In summary, the system controller 102, in each the remote locations, periodically tests each of the battery strings in block 108. This test is referred to above as a BDT. A BDT will typically be performed on some type of schedule such as daily, weekly or monthly.
A discharge curve obtained, as a result of the BDT, is compared with previously obtained curves, stored in the memory portion of controller 102, as well as compared to a standardized curve for batteries of this type. Compensation is made for environmental conditions that will affect the discharge curve such as temperature of the battery. The data obtained in each series of tests is transmitted through network 118 to a centralized data storage block 122. The controller 102 will also run a test when the battery monitor detects an anomaly such as a sudden change in current to an individual battery string. Such a change may be due to an open condition in a cell or a shorted condition in a cell. When one or more battery strings in block 108 is ascertained to have a discharge curve falling outside predetermined parameters, the controller 102 transmits this information to an administrator at a centrally located computer workstation 120. This information is also available to any other remote agent that is presently actively connected to the controller 102 at a specific battery site 100. The administrator user at workstation may request more tests or may simply dispatch a technician to the site of the failed battery to replace same.

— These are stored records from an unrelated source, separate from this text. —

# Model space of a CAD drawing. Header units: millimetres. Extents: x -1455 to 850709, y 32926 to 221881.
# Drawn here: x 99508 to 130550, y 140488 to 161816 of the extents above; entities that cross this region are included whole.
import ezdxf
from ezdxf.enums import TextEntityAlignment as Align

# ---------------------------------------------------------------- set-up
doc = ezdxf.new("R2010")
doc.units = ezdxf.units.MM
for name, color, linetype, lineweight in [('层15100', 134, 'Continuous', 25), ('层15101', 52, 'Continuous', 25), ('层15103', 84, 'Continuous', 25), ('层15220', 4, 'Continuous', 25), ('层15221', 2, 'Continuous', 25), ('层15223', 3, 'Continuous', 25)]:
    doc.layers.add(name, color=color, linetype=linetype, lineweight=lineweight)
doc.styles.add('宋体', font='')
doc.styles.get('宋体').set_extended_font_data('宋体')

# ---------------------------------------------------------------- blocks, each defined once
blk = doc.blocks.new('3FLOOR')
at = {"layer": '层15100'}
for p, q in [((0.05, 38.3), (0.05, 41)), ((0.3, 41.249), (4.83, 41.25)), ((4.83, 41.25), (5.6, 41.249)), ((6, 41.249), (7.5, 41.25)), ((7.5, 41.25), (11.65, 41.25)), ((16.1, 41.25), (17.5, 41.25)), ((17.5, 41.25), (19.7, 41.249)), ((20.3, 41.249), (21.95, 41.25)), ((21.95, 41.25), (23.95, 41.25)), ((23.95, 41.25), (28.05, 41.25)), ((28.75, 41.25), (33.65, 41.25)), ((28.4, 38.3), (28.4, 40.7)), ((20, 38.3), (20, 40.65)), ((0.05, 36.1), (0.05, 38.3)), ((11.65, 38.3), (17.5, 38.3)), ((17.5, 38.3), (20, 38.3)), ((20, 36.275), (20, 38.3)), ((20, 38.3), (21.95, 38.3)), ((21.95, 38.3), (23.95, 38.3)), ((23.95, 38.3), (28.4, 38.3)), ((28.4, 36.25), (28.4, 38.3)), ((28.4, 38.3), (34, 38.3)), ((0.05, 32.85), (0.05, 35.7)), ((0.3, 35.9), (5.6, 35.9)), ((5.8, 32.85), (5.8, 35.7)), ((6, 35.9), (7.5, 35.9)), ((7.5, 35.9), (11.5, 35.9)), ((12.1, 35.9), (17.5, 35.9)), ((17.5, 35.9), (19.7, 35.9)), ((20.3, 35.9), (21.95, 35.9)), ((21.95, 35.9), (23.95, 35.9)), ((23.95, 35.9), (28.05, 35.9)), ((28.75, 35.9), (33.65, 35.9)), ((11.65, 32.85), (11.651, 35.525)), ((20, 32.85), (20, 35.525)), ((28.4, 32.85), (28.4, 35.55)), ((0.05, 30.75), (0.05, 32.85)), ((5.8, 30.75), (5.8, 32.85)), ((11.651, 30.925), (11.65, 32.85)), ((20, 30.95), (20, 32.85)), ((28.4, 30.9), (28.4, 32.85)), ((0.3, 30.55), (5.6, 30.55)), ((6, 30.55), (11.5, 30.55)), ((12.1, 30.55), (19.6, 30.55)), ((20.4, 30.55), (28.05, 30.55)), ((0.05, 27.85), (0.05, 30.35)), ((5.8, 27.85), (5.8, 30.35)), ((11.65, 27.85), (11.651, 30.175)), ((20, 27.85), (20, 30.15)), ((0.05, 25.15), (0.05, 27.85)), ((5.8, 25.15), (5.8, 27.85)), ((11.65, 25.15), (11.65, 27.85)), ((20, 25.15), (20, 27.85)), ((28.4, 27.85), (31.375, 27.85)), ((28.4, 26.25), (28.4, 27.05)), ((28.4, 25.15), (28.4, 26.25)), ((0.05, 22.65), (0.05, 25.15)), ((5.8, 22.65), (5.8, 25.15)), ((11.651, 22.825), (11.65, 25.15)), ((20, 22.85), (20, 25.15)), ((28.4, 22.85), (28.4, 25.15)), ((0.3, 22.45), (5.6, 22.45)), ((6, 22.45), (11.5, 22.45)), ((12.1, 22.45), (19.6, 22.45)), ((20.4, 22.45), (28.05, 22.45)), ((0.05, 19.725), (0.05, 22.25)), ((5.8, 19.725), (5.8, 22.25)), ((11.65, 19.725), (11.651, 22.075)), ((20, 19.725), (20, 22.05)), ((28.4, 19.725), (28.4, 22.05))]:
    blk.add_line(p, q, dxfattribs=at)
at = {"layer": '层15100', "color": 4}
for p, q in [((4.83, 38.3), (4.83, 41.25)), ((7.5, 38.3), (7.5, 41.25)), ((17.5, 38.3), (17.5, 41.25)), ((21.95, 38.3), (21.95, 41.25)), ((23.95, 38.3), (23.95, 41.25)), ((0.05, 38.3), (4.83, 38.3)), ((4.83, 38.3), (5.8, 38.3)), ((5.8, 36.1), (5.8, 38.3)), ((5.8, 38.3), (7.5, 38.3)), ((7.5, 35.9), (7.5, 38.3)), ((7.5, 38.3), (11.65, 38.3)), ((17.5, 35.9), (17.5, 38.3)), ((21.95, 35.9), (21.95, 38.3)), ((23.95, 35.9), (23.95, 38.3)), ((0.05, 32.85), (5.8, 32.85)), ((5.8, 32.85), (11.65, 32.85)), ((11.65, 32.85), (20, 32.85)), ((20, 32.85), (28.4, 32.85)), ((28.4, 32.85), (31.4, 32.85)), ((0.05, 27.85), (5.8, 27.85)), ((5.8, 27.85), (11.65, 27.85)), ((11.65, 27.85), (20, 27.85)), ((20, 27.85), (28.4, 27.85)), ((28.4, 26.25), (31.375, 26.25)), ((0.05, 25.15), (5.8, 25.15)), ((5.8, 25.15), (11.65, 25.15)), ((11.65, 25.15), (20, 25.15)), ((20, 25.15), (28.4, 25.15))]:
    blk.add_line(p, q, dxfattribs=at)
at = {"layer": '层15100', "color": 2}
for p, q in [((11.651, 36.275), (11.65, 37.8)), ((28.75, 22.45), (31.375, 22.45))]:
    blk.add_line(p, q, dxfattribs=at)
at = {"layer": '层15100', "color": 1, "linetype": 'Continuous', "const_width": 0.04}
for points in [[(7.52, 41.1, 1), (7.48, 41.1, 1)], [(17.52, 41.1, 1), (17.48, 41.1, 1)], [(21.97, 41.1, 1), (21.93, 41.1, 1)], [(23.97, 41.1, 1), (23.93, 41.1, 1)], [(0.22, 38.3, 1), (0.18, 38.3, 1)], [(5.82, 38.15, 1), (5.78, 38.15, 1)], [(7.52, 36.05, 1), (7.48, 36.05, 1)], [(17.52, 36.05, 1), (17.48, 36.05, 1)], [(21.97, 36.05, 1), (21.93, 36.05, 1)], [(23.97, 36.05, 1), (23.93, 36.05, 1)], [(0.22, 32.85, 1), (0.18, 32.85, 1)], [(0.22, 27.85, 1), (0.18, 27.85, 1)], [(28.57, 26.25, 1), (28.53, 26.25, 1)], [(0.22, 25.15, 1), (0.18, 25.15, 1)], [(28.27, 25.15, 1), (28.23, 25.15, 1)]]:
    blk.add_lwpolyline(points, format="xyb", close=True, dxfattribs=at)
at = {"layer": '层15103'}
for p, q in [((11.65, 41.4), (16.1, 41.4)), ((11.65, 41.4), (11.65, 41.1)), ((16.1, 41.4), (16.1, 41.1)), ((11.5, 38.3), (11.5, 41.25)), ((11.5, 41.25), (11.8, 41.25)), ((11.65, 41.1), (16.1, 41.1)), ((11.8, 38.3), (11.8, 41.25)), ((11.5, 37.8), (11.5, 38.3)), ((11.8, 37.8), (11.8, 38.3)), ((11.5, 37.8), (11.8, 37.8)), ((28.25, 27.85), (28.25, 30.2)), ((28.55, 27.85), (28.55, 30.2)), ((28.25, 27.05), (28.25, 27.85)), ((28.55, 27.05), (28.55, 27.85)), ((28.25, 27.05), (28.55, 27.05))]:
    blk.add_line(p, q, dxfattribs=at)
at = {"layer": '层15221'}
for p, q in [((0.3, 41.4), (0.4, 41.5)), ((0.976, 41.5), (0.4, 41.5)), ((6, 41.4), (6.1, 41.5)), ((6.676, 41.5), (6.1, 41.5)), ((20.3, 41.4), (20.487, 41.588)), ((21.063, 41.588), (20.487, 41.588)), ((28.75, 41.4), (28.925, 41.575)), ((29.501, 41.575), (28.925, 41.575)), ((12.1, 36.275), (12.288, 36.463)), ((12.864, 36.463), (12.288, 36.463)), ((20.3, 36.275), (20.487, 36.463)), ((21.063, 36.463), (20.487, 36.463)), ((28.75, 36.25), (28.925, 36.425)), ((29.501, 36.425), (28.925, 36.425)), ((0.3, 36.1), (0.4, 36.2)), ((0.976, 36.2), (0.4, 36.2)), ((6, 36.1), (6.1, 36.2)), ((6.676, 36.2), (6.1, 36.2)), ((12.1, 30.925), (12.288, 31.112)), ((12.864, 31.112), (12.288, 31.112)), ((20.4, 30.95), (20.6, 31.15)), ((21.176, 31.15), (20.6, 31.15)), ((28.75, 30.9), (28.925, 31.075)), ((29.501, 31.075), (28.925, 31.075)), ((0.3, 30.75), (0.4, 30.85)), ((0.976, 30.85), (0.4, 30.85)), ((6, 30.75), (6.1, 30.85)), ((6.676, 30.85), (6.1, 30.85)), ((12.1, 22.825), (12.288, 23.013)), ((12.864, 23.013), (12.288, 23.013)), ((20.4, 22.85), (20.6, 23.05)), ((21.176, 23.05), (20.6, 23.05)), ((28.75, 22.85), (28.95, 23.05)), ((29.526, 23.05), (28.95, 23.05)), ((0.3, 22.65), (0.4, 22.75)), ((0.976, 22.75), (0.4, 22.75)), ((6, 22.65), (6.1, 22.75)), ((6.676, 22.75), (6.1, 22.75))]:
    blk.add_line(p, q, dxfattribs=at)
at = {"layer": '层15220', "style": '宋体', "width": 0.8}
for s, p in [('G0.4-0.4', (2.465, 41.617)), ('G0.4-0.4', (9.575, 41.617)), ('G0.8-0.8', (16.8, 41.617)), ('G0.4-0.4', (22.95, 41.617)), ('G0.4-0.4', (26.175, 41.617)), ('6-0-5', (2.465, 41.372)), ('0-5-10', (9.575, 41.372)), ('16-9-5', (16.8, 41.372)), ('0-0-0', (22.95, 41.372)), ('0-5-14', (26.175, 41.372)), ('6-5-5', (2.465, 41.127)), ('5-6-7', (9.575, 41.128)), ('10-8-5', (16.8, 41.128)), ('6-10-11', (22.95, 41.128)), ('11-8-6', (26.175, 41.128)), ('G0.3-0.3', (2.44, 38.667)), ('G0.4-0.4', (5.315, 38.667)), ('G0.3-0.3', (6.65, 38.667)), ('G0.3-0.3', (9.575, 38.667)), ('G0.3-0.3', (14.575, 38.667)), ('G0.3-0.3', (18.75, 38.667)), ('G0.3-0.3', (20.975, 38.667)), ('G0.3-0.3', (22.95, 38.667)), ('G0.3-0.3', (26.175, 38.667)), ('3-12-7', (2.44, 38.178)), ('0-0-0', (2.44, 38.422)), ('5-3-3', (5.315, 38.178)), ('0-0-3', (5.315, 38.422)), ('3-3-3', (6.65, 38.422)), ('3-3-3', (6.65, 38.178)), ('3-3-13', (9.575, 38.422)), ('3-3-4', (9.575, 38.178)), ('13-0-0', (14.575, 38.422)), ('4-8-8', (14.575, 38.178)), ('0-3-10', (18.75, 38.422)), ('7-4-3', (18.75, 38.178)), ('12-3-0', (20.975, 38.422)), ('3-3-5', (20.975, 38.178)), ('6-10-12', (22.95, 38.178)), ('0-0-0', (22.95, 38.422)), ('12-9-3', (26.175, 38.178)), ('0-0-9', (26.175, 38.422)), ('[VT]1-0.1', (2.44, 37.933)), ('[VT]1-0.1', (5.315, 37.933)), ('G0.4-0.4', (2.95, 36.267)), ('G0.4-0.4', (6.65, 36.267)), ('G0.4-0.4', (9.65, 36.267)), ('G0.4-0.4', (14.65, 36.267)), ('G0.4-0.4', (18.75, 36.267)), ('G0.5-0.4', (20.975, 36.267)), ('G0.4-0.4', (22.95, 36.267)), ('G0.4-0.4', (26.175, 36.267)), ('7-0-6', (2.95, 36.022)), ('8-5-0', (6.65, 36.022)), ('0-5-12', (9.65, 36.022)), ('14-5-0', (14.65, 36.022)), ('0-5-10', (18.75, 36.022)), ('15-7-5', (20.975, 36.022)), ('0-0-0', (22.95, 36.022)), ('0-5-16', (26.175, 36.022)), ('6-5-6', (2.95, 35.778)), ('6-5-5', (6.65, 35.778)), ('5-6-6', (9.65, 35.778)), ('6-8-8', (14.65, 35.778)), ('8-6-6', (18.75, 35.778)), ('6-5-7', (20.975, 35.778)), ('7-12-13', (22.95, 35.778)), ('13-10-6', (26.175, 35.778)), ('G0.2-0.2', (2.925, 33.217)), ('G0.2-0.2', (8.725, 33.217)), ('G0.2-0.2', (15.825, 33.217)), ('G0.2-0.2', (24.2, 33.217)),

It may be noted that when the test is performed in response to an internal schedule, the results are merely stored in memory and a history list is updated unless the controller software detects that one or more remote agent(s) are actively connected and communicating with the remote battery site controller. When the controller software detects that a remote agent is active, whether or not the remote agent has specifically requested a BDT, the latest BDT data is supplied to the remote agent as well as the most recent history list.
As mentioned above, the remote agent may also abort a presently running BDT, delete specific BDTs from the battery site controller memory and retrieve data relating to specific prior BDTs. After retrieval of BDT data, software on the remote agent computer may be used to display the data in graph form whereby action may be initiated to minimize any battery problems that could occur at the battery site.
Although the invention has been described with reference to a specific embodiment, the description is not meant to be construed in a limiting sense. Various modifications of the disclosed embodiment, as well as alternative embodiments of the invention, will become apparent to persons skilled in the art upon reference to the description of the invention. It is therefore contemplated that the claims will cover any such modifications or embodiments that fall within the true scope and spirit of the invention.